Kelima tersangka masing-masing berinisial AKJ (18), M.AK (19), RF (15), KV (16), dan FB (14).
Berdasarkan pemeriksaan, sebelum beraksi para pelaku berkumpul di sebuah gudang pemotongan ayam di Kelurahan Sumbertaman, Kecamatan Wonoasih yang dijadikan basecamp, sambil mengonsumsi minuman keras.
Selanjutnya mereka berboncengan dua sepeda motor menuju Mayangan dengan dalih membeli minuman keras. Saat melintas di Jalan Ikan Tenggiri, tersangka AKJ diduga melempar bondet ke arah sekelompok pemuda yang sedang bermain bola.
Para pelaku berniat melakukan aksi balas dendam terhadap kelompok lain, namun justru salah sasaran. Bondet mengenai kelompok yang bukan menjadi target mereka, ungkapnya.
Usai menerima laporan, polisi langsung melakukan olah TKP dan penyelidikan. Sekitar pukul 03.00 WIB, tim gabungan Polres Probolinggo Kota dan Polsek Mayangan menggerebek basecamp di depan gudang pemotongan ayam, Kelurahan Sumbertaman.
Dalam penggerebekan petugas mengamankan barang bukti berupa empat bilah celurit, satu bondet, bahan baku pembuatan bondet, dua sepeda motor, dan barang bukti lainnya.
Polisi juga mengungkap, tersangka FB mengaku membuat bondet karena penasaran setelah belajar dari media sosial dan membeli bahannya melalui toko online.

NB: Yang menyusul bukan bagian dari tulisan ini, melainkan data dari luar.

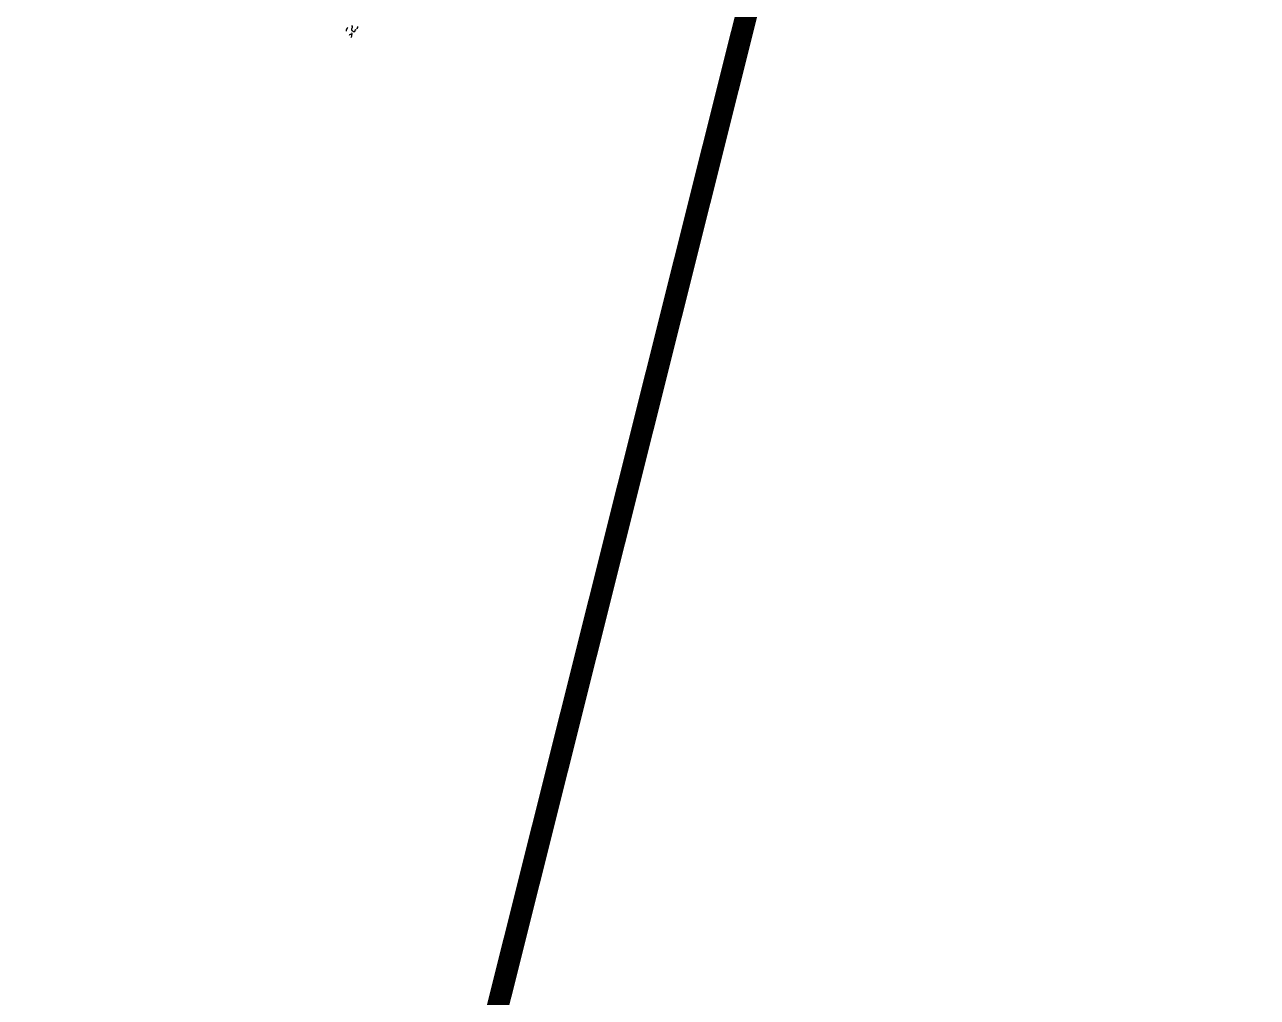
# Model space of a CAD drawing. Header units: metres. Extents: x 583412 to 583840, y 1186334 to 1187497.
# Drawn here: x 583714.82 to 583720.48, y 1187277.37 to 1187281.84 of the extents above; entities that cross this region are included whole.
import ezdxf

# ---------------------------------------------------------------- set-up
doc = ezdxf.new("R2010")
doc.units = ezdxf.units.M
doc.header["$MEASUREMENT"] = 0
doc.linetypes.add('DASHDOT2', pattern=[0.5, 0.25, -0.125, 0, -0.125])
for name, color, linetype in [('ks.caytram', 3, 'Continuous'), ('TimtuyenKS', 7, 'Continuous'), ('TimtuyenTK', 7, 'Continuous')]:
    doc.layers.add(name, color=color, linetype=linetype)

# ---------------------------------------------------------------- blocks, each defined once
blk = doc.blocks.new('hhh')
at = {"layer": 'ks.caytram'}
for centre, radius, start, end in [((0.1565, -2.0051), 0.00446, 344.852, 158.2751), ((0.1622, -2.0353), 0.0104, 88.2557, 152.6769), ((0.1693, -2.0209), 0.00789, 209.919, 314.55), ((0.1735, -2.0086), 0.00457, 157.167, 323.343), ((0.1642, -2.0172), 0.0142, 318.744, 24.402), ((0.1908, -2.0278), 0.00519, 51.25, 152.9396), ((0.1992, -2.0288), 0.0057, 136.203, 279.592), ((0.2016, -2.033), 0.0104, 51.309, 128.6914), ((0.177, -2.034), 0.0177, 223.7, 289.046)]:
    blk.add_arc(centre, radius, start, end, dxfattribs=at)

msp = doc.modelspace()

# ---------------------------------------------------------------- linework, layer by layer
at = {"layer": 'TimtuyenKS', "linetype": 'DASHDOT2', "ltscale": 5, "const_width": 0.1}
msp.add_lwpolyline([(583754.7177, 1187427.7962), (583497.925, 1186403.4819)], dxfattribs=at)
at = {"layer": 'TimtuyenTK', "linetype": 'DASHDOT2', "ltscale": 5, "const_width": 0.1}
msp.add_lwpolyline([(583754.7177, 1187427.7962), (583497.925, 1186403.4819)], dxfattribs=at)

# ---------------------------------------------------------------- block references
at = {"layer": 'ks.caytram', "rotation": 260.6716666673106}
msp.add_blockref('hhh', (583718.3542, 1187281.6548), dxfattribs=at)

doc.saveas('drawing.dxf')

Untuk pertanggungjawaban hukum, tersangka AKJ dijerat Pasal 306, 307, dan 308 UU Nomor 1 Tahun 2023 tentang KUHP dengan ancaman 15 tahun penjara. Tersangka M.AK, RF, dan KV dijerat Pasal 307 ayat (1) dengan ancaman 7 tahun penjara. Sementara FB dijerat Pasal 306 terkait pembuatan bahan peledak dengan ancaman 15 tahun penjara.
Kapolres menegaskan pihaknya akan menuntaskan penyidikan dan meningkatkan patroli untuk menindak kepemilikan senjata tajam maupun bahan peledak demi menjaga kamtibmas di Kota Probolinggo.